# PelPro 130 an observation on trim setting



## kenora (Feb 3, 2019)

I have been running my PP130 all winter at the lowest setting to warm my workshop.... being new to the stove I "just assumed" that the stove would not have flames on low, rather a burn pot of glowing embers (cause that's what I got on low), that's how I had the stove set since Oct 1st. the heat was OK but not great...
Well we've had a series of weeks (about 6 now) where lows are about -35c and highs -28c so perfect experimenting Wx (constant outside temps for comparison)...
I  bumped the TRIM (that's the only variable setting on the stove) and refers to more or less combustion air.air up to +3 (thats max) and finally got FLAMES when burning on low constant mode...it looks better and more importantly.... the shop is now 74f (I know..... like many Canuks I mix degrees f and c in every conversation) instead of 65f.

Also there is less ash and the glass is cleaner (not clean by any means but cleaner)..

just an fyi for PelPro owners...


----------



## metermaid2 (Feb 8, 2019)

I am finally learning the settings on my pelpro 60.I probably went through way too many pellets at first.No one to teach me so I had to learn on my own.When we were getting -30 temperatures I am sure I used close to 2 bags a day.Now I am back to using 1 bag a day.


----------



## kenora (Feb 8, 2019)

A bag a day is about right for me as well..if I'm running on low all day.......  in the milder wx it's about 1/2 bag a day 
I usually heat during the day while I'm in my shop and turn if off between 1800 and 0800.. it'll cool off to about 55f when the outside temp is around -10f

Sent from my SM-G950W using Tapatalk


----------



## jacobdh (Feb 13, 2019)

I am new and would love to have your notes on the pp130. I purchased and installed right after Thanksgiving. The manual doesn't give much detail on the trim. Would you mind sharing?


----------



## kenora (Feb 16, 2019)

Hi Jacobdh.... not much to say except... on the lowest setting (on my setup) I was finding the draft insufficient to burn cleanly... no flame to speak of just embers in the pot and not much heat originally....

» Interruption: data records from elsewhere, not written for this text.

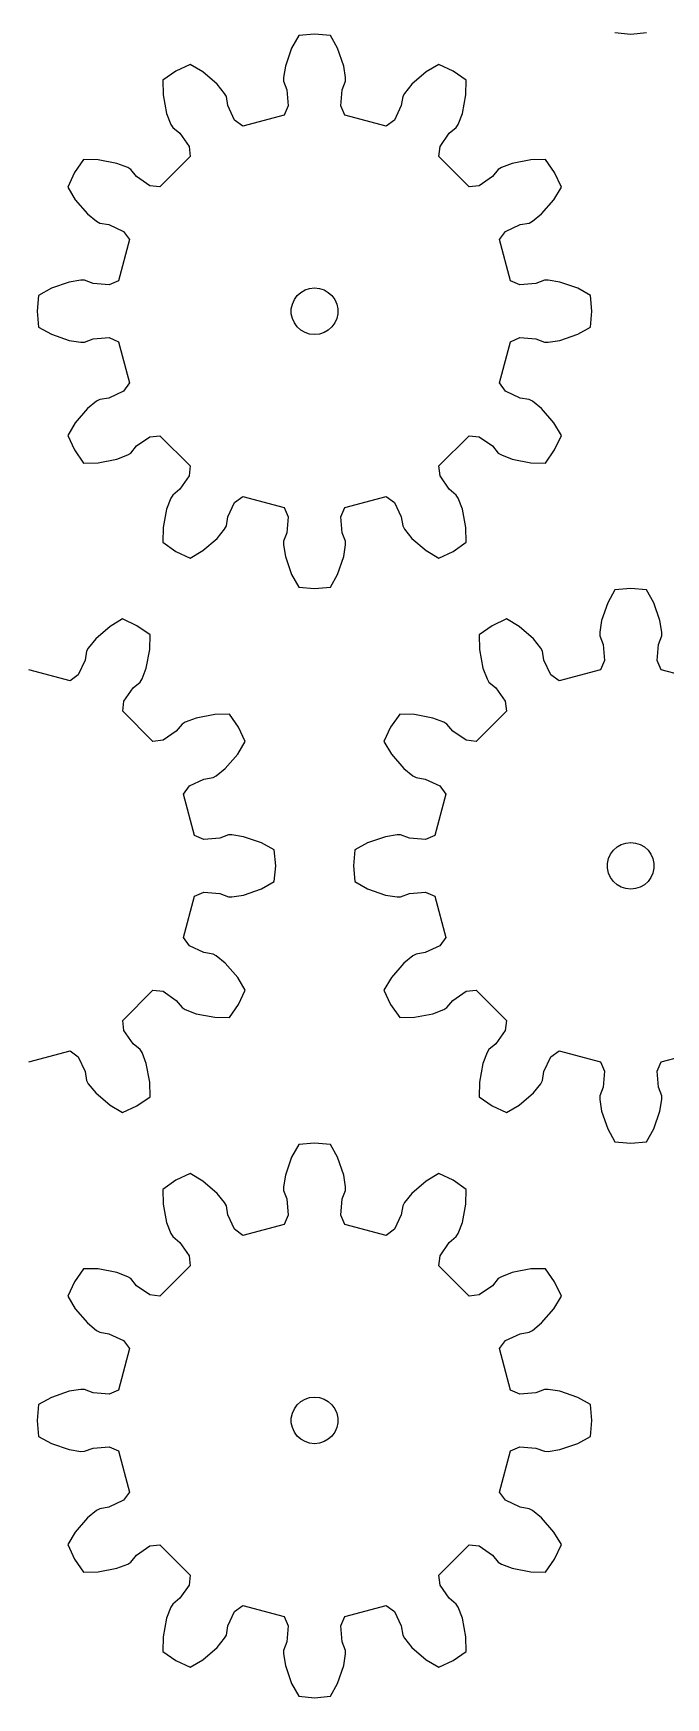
# Model space of a CAD drawing. Extents: x 0 to 198, y 0 to 214.
# Drawn here: x 81 to 121.7, y 0 to 107 of the extents above; entities that cross this region are included whole.
import ezdxf

# ---------------------------------------------------------------- set-up
doc = ezdxf.new("R2010")
doc.units = 0

msp = doc.modelspace()

# ---------------------------------------------------------------- linework, layer by layer
for p, q in [((118.43, 107.04), (119.45, 106.95)), ((119.45, 106.95), (120.47, 107.04)), ((97.65, 106.04), (97.25, 104.89)), ((98.11, 106.86), (97.65, 106.04)), ((99.13, 106.95), (98.11, 106.86)), ((100.15, 106.86), (99.13, 106.95)), ((100.61, 106.04), (100.15, 106.86)), ((101, 104.89), (100.61, 106.04)), ((91.14, 105), (90.21, 104.56)), ((91.95, 104.51), (91.14, 105)), ((97.25, 104.89), (97.13, 104.15)), ((101.12, 104.15), (101, 104.89)), ((107.11, 105), (106.3, 104.51)), ((108.04, 104.56), (107.11, 105)), ((90.21, 104.56), (89.37, 103.98)), ((89.37, 103.98), (89.39, 103.03)), ((92.87, 103.72), (91.95, 104.51)), ((97.13, 104.15), (97.14, 103.91)), ((97.14, 103.91), (97.35, 103.36)), ((100.91, 103.36), (101.12, 103.91)), ((101.12, 103.91), (101.12, 104.15)), ((106.3, 104.51), (105.39, 103.72)), ((108.88, 103.98), (108.04, 104.56)), ((108.86, 103.03), (108.88, 103.98)), ((89.39, 103.03), (89.62, 101.84)), ((93.34, 103.13), (92.87, 103.72)), ((93.46, 102.93), (93.34, 103.13)), ((93.55, 102.35), (93.46, 102.93)), ((97.35, 103.36), (97.43, 102.33)), ((100.82, 102.33), (100.91, 103.36)), ((104.8, 102.93), (104.7, 102.35)), ((104.91, 103.13), (104.8, 102.93)), ((105.39, 103.72), (104.91, 103.13)), ((108.63, 101.84), (108.86, 103.03)), ((89.62, 101.84), (89.89, 101.14)), ((93.99, 101.41), (93.55, 102.35)), ((97.17, 101.73), (94.52, 101.02)), ((97.43, 102.33), (97.17, 101.73)), ((101.08, 101.73), (100.82, 102.33)), ((103.74, 101.02), (101.08, 101.73)), ((104.7, 102.35), (104.26, 101.41)), ((108.36, 101.14), (108.63, 101.84)), ((89.89, 101.14), (90.01, 100.94)), ((90.01, 100.94), (90.47, 100.57)), ((94.52, 101.02), (93.99, 101.41)), ((104.26, 101.41), (103.74, 101.02)), ((107.79, 100.57), (108.24, 100.94)), ((108.24, 100.94), (108.36, 101.14)), ((90.47, 100.57), (91.06, 99.71)), ((91.06, 99.71), (91.13, 99.07)), ((107.12, 99.07), (107.2, 99.71)), ((107.2, 99.71), (107.79, 100.57)), ((84.28, 98.88), (83.69, 98.04)), ((85.22, 98.86), (84.28, 98.88)), ((86.41, 98.63), (85.22, 98.86)), ((87.12, 98.36), (86.41, 98.63)), ((91.13, 99.07), (89.19, 97.12)), ((109.07, 97.12), (107.12, 99.07)), ((111.84, 98.63), (111.14, 98.36)), ((113.03, 98.86), (111.84, 98.63)), ((113.98, 98.88), (113.03, 98.86)), ((114.56, 98.04), (113.98, 98.88)), ((83.69, 98.04), (83.26, 97.11)), ((87.31, 98.24), (87.12, 98.36)), ((87.69, 97.79), (87.31, 98.24)), ((88.54, 97.2), (87.69, 97.79)), ((110.57, 97.79), (109.71, 97.2)), ((110.94, 98.24), (110.57, 97.79)), ((111.14, 98.36), (110.94, 98.24)), ((115, 97.11), (114.56, 98.04)), ((83.26, 97.11), (83.74, 96.3)), ((83.74, 96.3), (84.53, 95.39)), ((89.19, 97.12), (88.54, 97.2)), ((109.71, 97.2), (109.07, 97.12)), ((113.72, 95.39), (114.51, 96.3)), ((114.51, 96.3), (115, 97.11)), ((84.53, 95.39), (85.12, 94.91)), ((113.13, 94.91), (113.72, 95.39)), ((85.12, 94.91), (85.33, 94.8)), ((85.33, 94.8), (85.91, 94.7)), ((85.91, 94.7), (86.84, 94.26)), ((86.84, 94.26), (87.23, 93.74)), ((111.02, 93.74), (111.41, 94.26)), ((111.41, 94.26), (112.35, 94.7)), ((112.35, 94.7), (112.93, 94.8)), ((112.93, 94.8), (113.13, 94.91)), ((87.23, 93.74), (86.52, 91.08)), ((111.73, 91.08), (111.02, 93.74)), ((83.36, 91), (82.21, 90.61)), ((84.11, 91.12), (83.36, 91)), ((84.34, 91.12), (84.11, 91.12)), ((84.89, 90.91), (84.34, 91.12)), ((86.52, 91.08), (85.92, 90.82)), ((112.33, 90.82), (111.73, 91.08)), ((113.91, 91.12), (113.36, 90.91)), ((114.15, 91.12), (113.91, 91.12)), ((114.89, 91), (114.15, 91.12)), ((116.04, 90.61), (114.89, 91)), ((81.39, 90.15), (81.3, 89.13)), ((82.21, 90.61), (81.39, 90.15)), ((85.92, 90.82), (84.89, 90.91)), ((97.83, 89.88), (98.01, 90.13)), ((98.01, 90.13), (98.25, 90.34)), ((98.25, 90.34), (98.52, 90.5)), ((98.52, 90.5), (98.81, 90.59)), ((98.81, 90.59), (99.13, 90.63)), ((99.13, 90.63), (99.44, 90.59)), ((99.44, 90.59), (99.74, 90.5)), ((99.74, 90.5), (100.01, 90.34)), ((100.01, 90.34), (100.24, 90.13)), ((100.24, 90.13), (100.43, 89.88)), ((113.36, 90.91), (112.33, 90.82)), ((116.86, 90.15), (116.04, 90.61)), ((116.95, 89.13), (116.86, 90.15)), ((81.3, 89.13), (81.39, 88.11)), ((97.63, 89.28), (97.7, 89.59)), ((97.63, 88.97), (97.63, 89.28)), ((97.7, 88.66), (97.63, 88.97)), ((97.7, 89.59), (97.83, 89.88)), ((100.43, 89.88), (100.55, 89.59)), ((100.55, 89.59), (100.62, 89.28)), ((100.62, 88.97), (100.55, 88.66)), ((100.62, 89.28), (100.62, 88.97)), ((116.86, 88.11), (116.95, 89.13)), ((81.39, 88.11), (82.21, 87.65)), ((97.83, 88.38), (97.7, 88.66)), ((98.01, 88.12), (97.83, 88.38)), ((98.25, 87.91), (98.01, 88.12)), ((98.52, 87.76), (98.25, 87.91)), ((98.81, 87.66), (98.52, 87.76)), ((99.74, 87.76), (99.44, 87.66)), ((100.01, 87.91), (99.74, 87.76)), ((100.24, 88.12), (100.01, 87.91)), ((100.43, 88.38), (100.24, 88.12)), ((100.55, 88.66), (100.43, 88.38)), ((116.04, 87.65), (116.86, 88.11)), ((82.21, 87.65), (83.36, 87.25)), ((83.36, 87.25), (84.11, 87.13)), ((84.11, 87.13), (84.34, 87.14)), ((84.34, 87.14), (84.89, 87.35)), ((84.89, 87.35), (85.92, 87.43)), ((85.92, 87.43), (86.52, 87.17)), ((86.52, 87.17), (87.23, 84.52)), ((99.13, 87.63), (98.81, 87.66)), ((99.44, 87.66), (99.13, 87.63)), ((111.02, 84.52), (111.73, 87.17)), ((111.73, 87.17), (112.33, 87.43)), ((112.33, 87.43), (113.36, 87.35)), ((113.36, 87.35), (113.91, 87.14)), ((113.91, 87.14), (114.15, 87.13)), ((114.15, 87.13), (114.89, 87.25)), ((114.89, 87.25), (116.04, 87.65)), ((85.91, 83.55), (85.33, 83.46)), ((86.84, 83.99), (85.91, 83.55)), ((87.23, 84.52), (86.84, 83.99)), ((111.41, 83.99), (111.02, 84.52)), ((112.35, 83.55), (111.41, 83.99)), ((112.93, 83.46), (112.35, 83.55)), ((84.53, 82.87), (83.74, 81.95)), ((85.12, 83.34), (84.53, 82.87)), ((85.33, 83.46), (85.12, 83.34)), ((113.13, 83.34), (112.93, 83.46)), ((113.72, 82.87), (113.13, 83.34)), ((114.51, 81.95), (113.72, 82.87)), ((83.74, 81.95), (83.26, 81.14)), ((115, 81.14), (114.51, 81.95)), ((83.26, 81.14), (83.69, 80.21)), ((87.31, 80.01), (87.69, 80.47)), ((87.69, 80.47), (88.54, 81.06)), ((88.54, 81.06), (89.19, 81.13)), ((89.19, 81.13), (91.13, 79.19)), ((107.12, 79.19), (109.07, 81.13)), ((109.07, 81.13), (109.71, 81.06)), ((109.71, 81.06), (110.57, 80.47)), ((110.57, 80.47), (110.94, 80.01)), ((114.56, 80.21), (115, 81.14)), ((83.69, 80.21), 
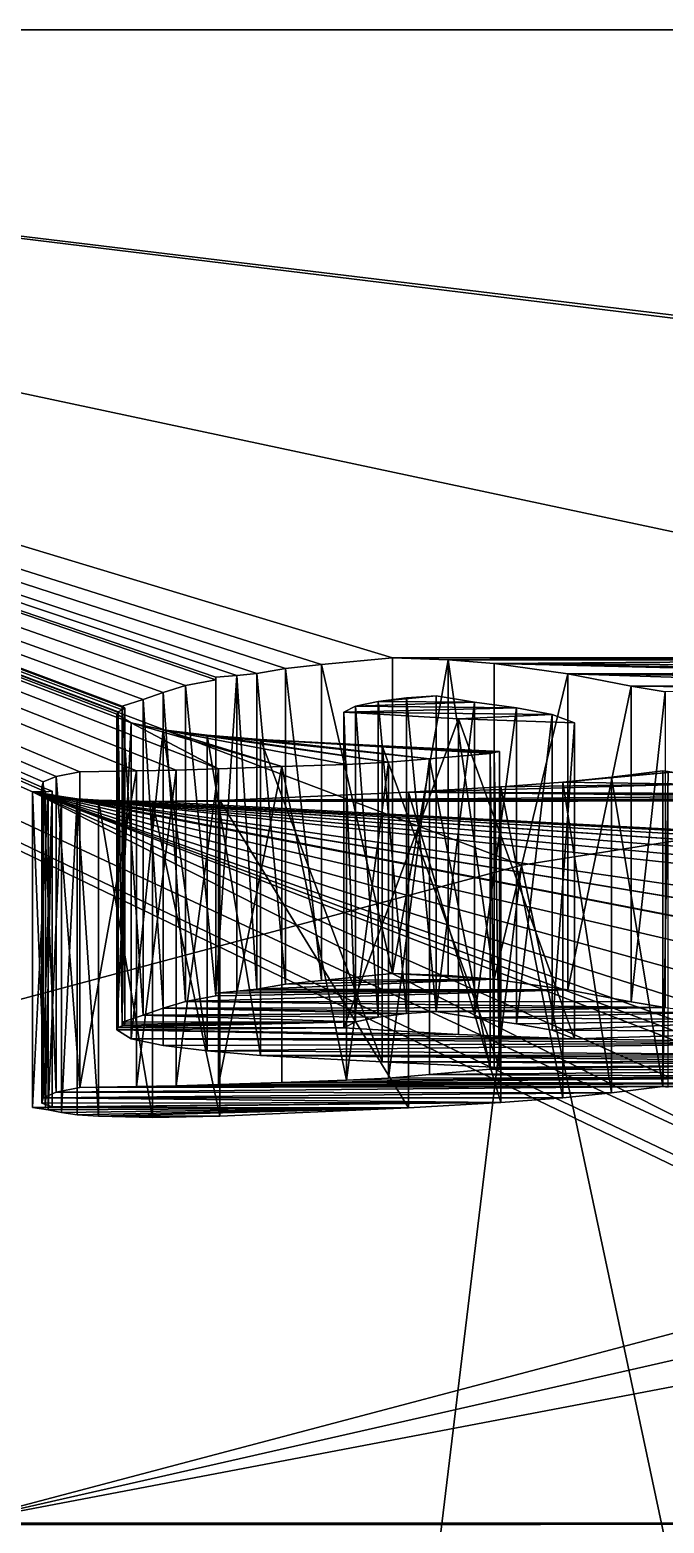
# Model space of a CAD drawing. Extents: x -48.5 to 48.5, y -27 to 68.5.
# Drawn here: x -11.81 to -8.78, y 61.36 to 68.5 of the extents above; entities that cross this region are included whole.
import ezdxf

# ---------------------------------------------------------------- set-up
doc = ezdxf.new("R2010")
doc.units = 0
doc.header["$MEASUREMENT"] = 0
doc.layers.add('STL2DXF', color=7, linetype='Continuous')

msp = doc.modelspace()

# ---------------------------------------------------------------- linework, layer by layer
at = {"layer": 'STL2DXF'}
for points in [[(-12.1624, 61.3585, 23.8088), (-20.0012, 68.5, 75), (-7.6609, 62.5511, 32.5076)], [(-7.6609, 62.5511, 32.5076), (-20.0012, 68.5, 75), (-7.7631, 62.6587, 33.2766)], [(-7.7631, 62.6587, 33.2766), (-20.0012, 68.5, 75), (-7.6609, 62.7664, 34.0455)], [(-7.6609, 62.7664, 34.0455), (-20.0012, 68.5, 75), (-11.7969, 64.8557, 48.7887)], [(-11.7969, 64.8557, 48.7887), (-20.0012, 68.5, 75), (-11.7338, 64.8557, 48.7887)], [(-11.7338, 64.8557, 48.7887), (-20.0012, 68.5, 75), (-11.7527, 64.8775, 48.9448)], [(-11.7527, 64.8775, 48.9448), (-20.0012, 68.5, 75), (-11.7464, 64.9029, 49.1259)], [(-11.7464, 64.9029, 49.1259), (-20.0012, 68.5, 75), (-11.6834, 64.9291, 49.3132)], [(-11.6834, 64.9291, 49.3132), (-20.0012, 68.5, 75), (-11.5699, 64.9518, 49.4756)], [(-11.5699, 64.9518, 49.4756), (-20.0012, 68.5, 75), (-11.2988, 64.9562, 49.5068)], [(-11.2988, 64.9562, 49.5068), (-20.0012, 68.5, 75), (-11.1096, 64.9597, 49.5318)], [(-11.1096, 64.9597, 49.5318), (-20.0012, 68.5, 75), (-10.9078, 64.9658, 49.5755)], [(-10.9078, 64.9658, 49.5755), (-20.0012, 68.5, 75), (-11.3256, 65.1852, 51.1428)], [(-11.3256, 65.1852, 51.1428), (-20.0012, 68.5, 75), (-11.3933, 65.2272, 51.4425)], [(-11.3933, 65.2272, 51.4425), (-20.0012, 68.5, 75), (-11.387, 65.2386, 51.5237)], [(-11.387, 65.2386, 51.5237), (-20.0012, 68.5, 75), (-11.3681, 65.2473, 51.5861)], [(-11.3681, 65.2473, 51.5861), (-20.0012, 68.5, 75), (-11.3555, 65.2552, 51.6423)], [(-11.3555, 65.2552, 51.6423), (-20.0012, 68.5, 75), (-11.3681, 65.2648, 51.711)], [(-11.3681, 65.2648, 51.711), (-20.0012, 68.5, 75), (-11.2672, 65.2971, 51.9421)], [(-11.2672, 65.2971, 51.9421), (-20.0012, 68.5, 75), (-11.1727, 65.3312, 52.1856)], [(-11.1727, 65.3312, 52.1856), (-20.0012, 68.5, 75), (-11.0655, 65.3636, 52.4166)], [(-11.0655, 65.3636, 52.4166), (-20.0012, 68.5, 75), (-10.9205, 65.3907, 52.6102)], [(-10.9205, 65.3907, 52.6102), (-20.0012, 68.5, 75), (-10.9205, 65.4038, 52.7039)], [(-10.9205, 65.4038, 52.7039), (-20.0012, 68.5, 75), (-10.8196, 65.4125, 52.7663)], [(-10.8196, 65.4125, 52.7663), (-20.0012, 68.5, 75), (-10.725, 65.4221, 52.835)], [(-10.725, 65.4221, 52.835), (-20.0012, 68.5, 75), (-10.5879, 65.4453, 53.0005)], [(-10.5879, 65.4453, 53.0005), (-20.0012, 68.5, 75), (-10.416, 65.4641, 53.1347)], [(-10.416, 65.4641, 53.1347), (-20.0012, 68.5, 75), (-10.0756, 65.4965, 53.3657)], [(-10.0756, 65.4965, 53.3657), (-20.0012, 68.5, 75), (4.5083, 65.4991, 53.3845)], [(4.5083, 65.4991, 53.3845), (-20.0012, 68.5, 75), (4.7101, 65.5078, 53.4469)], [(20.0012, 68.5, 75), (4.7101, 65.5078, 53.4469), (-20.0012, 68.5, 75)], [(-20.0012, 68.5, 75), (-14.0603, 63.2731, 75), (-9.46, 64.5057, 75)], [(-20.0012, 68.5, 75), (-9.46, 64.5057, 75), (-4.756, 65.2507, 75)], [(-20.0012, 68.5, 75), (-4.756, 65.2507, 75), (20.0012, 68.5, 75)], [(-10.0756, 63.9862, 53.5772), (-10.416, 65.4641, 53.1347), (-10.0756, 65.4965, 53.3657)], [(4.5083, 65.4991, 53.3845), (-3.1273, 65.4956, 53.3595), (-10.0756, 65.4965, 53.3657)], [(-7.2824, 65.4877, 53.3033), (-9.8092, 65.4877, 53.3033), (-10.0756, 65.4965, 53.3657)], [(-7.2824, 65.4877, 53.3033), (-10.0756, 65.4965, 53.3657), (-3.1273, 65.4956, 53.3595)], [(-9.8092, 65.4877, 53.3033), (-10.0756, 63.9862, 53.5772), (-10.0756, 65.4965, 53.3657)], [(-10.725, 63.9119, 53.0464), (-10.8196, 65.4125, 52.7663), (-10.725, 65.4221, 52.835)], [(-10.5879, 63.935, 53.2119), (-10.725, 65.4221, 52.835), (-10.5879, 65.4453, 53.0005)], [(-10.725, 65.4221, 52.835), (-10.5879, 63.935, 53.2119), (-10.725, 63.9119, 53.0464)], [(-10.416, 63.9538, 53.3461), (-10.5879, 65.4453, 53.0005), (-10.416, 65.4641, 53.1347)], [(-10.5879, 65.4453, 53.0005), (-10.416, 63.9538, 53.3461), (-10.5879, 63.935, 53.2119)], [(-10.416, 65.4641, 53.1347), (-10.0756, 63.9862, 53.5772), (-10.416, 63.9538, 53.3461)], [(-10.0756, 63.9862, 53.5772), (-9.8092, 65.4877, 53.3033), (-9.8092, 63.9774, 53.5147)], [(-7.2824, 65.4877, 53.3033), (-9.5901, 65.4702, 53.1784), (-9.8092, 65.4877, 53.3033)], [(-9.8092, 65.4877, 53.3033), (-9.5901, 63.96, 53.3899), (-9.8092, 63.9774, 53.5147)], [(-9.5901, 63.96, 53.3899), (-9.8092, 65.4877, 53.3033), (-9.5901, 65.4702, 53.1784)], [(-7.4778, 65.4571, 53.0848), (-9.5901, 65.4702, 53.1784), (-7.2824, 65.4877, 53.3033)], [(-7.7426, 65.4256, 52.86), (-9.237, 65.4195, 52.8163), (-9.5901, 65.4702, 53.1784)], [(-7.7426, 65.4256, 52.86), (-9.5901, 65.4702, 53.1784), (-7.7426, 65.437, 52.9411)], [(-7.7426, 65.437, 52.9411), (-9.5901, 65.4702, 53.1784), (-7.4778, 65.4571, 53.0848)], [(-9.237, 65.4195, 52.8163), (-9.5901, 63.96, 53.3899), (-9.5901, 65.4702, 53.1784)], [(-7.7363, 65.4186, 52.81), (-9.237, 65.4195, 52.8163), (-7.7426, 65.4256, 52.86)], [(-11.0655, 63.8533, 52.6281), (-11.1727, 65.3312, 52.1856), (-11.0655, 65.3636, 52.4166)], [(-10.9205, 63.8804, 52.8216), (-11.0655, 65.3636, 52.4166), (-10.9205, 65.3907, 52.6102)], [(-11.0655, 65.3636, 52.4166), (-10.9205, 63.8804, 52.8216), (-11.0655, 63.8533, 52.6281)], [(-10.8196, 65.4125, 52.7663), (-10.9205, 63.8935, 52.9153), (-10.9205, 65.4038, 52.7039)], [(-10.9205, 63.8935, 52.9153), (-10.8196, 65.4125, 52.7663), (-10.8196, 63.9023, 52.9777)], [(-10.9205, 63.8935, 52.9153), (-10.9205, 65.3907, 52.6102), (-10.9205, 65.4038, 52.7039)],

although on low I think most stoves will burn dirty.. 

so I experimented and ended up turning the TRIM dial clockwise to 3 before I got a decent bun on low. 

I think....in my case anyway... that there isn't much natural draft cause my exhaust is horizontal and 4 ft long or so...no vertical rise at all.. so I needed more fan induced draft....


----------



## c.stevens (Mar 10, 2019)

My problem was similar flames too low, and lots of soot on the glass, but my trim adjustment doesn't seem to do much.  The owners manual doesn't cover the trim adjustment in much detail.


----------



## c.stevens (Mar 10, 2019)

I should have mentioned I've had mine for five seasons now, and it's been a good stove, this problem has just started within the last three months.  I'm thinking my exhaust fan may be slowing down.  The ducting before and after the fan is clean.  I've been real happy with it and don't mind putting some money in it.  I can't even begin to estimate how much propane $ it's saved me.


----------



## Ham351 (Mar 11, 2019)

Interesting thread. I have a PP130, and I usually set the control knob to about 10 or 11 o'clock. Typically my trim is on -1 or -1.5. Recently I've been mixing cherry pits in with the wood pellets and had to adjust the trim to -3.5. Sometimes I'll burn a bag in a day, sometimes two. I never thought of leaving it on low and dialing the trim to where I need it. I always thought things would get full of soot if I left it on low. I have a big basement that gets to 71 or 72 with the settings I'm using, and it seems to spread throughout the upstairs as well.


----------



## c.stevens (Mar 26, 2019)

Solved! My Pelpro pp130 is out in the garage now, and wired to a wall thermostat.  When the wall thermostat calls for heat the glass will turn black in a few hours as I mentioned earlier.  I had switched out the vent pipe caps at about the same time I started having the excess soot problem.  I switched them back this weekend and it is back to burning like normal.  I guess the learning lesson for me is:  Clean it first, if it's still wrong, undo any changes you made.  Turns out it had nothing to do with the trim setting.


----------



## kenora (Mar 28, 2019)

I have been reluctant to try putting a thermostat on the PP130...can you tell me what you did and what thermostat you used...also what did you do to "defeat the comfort control...thanks in advance...

Tim


----------



## c.stevens (Mar 28, 2019)

Kenora, I bought a pellet miser thermostat adapter.  It plugs in your USB port on your stove.  It toggles your stove to high from whatever setting you leave the dial control at (including off).  It doesn't actually defeat the dial control, just simulates turning it to high.


----------



## kenora (Mar 28, 2019)

There's a USB port on the stove!?

I gotta have another look.. I've never seen it

Sent from my SM-G950W using Tapatalk


----------



## c.stevens (Mar 29, 2019)

Yes. It's on the control board, facing you when you remove that side panel.


----------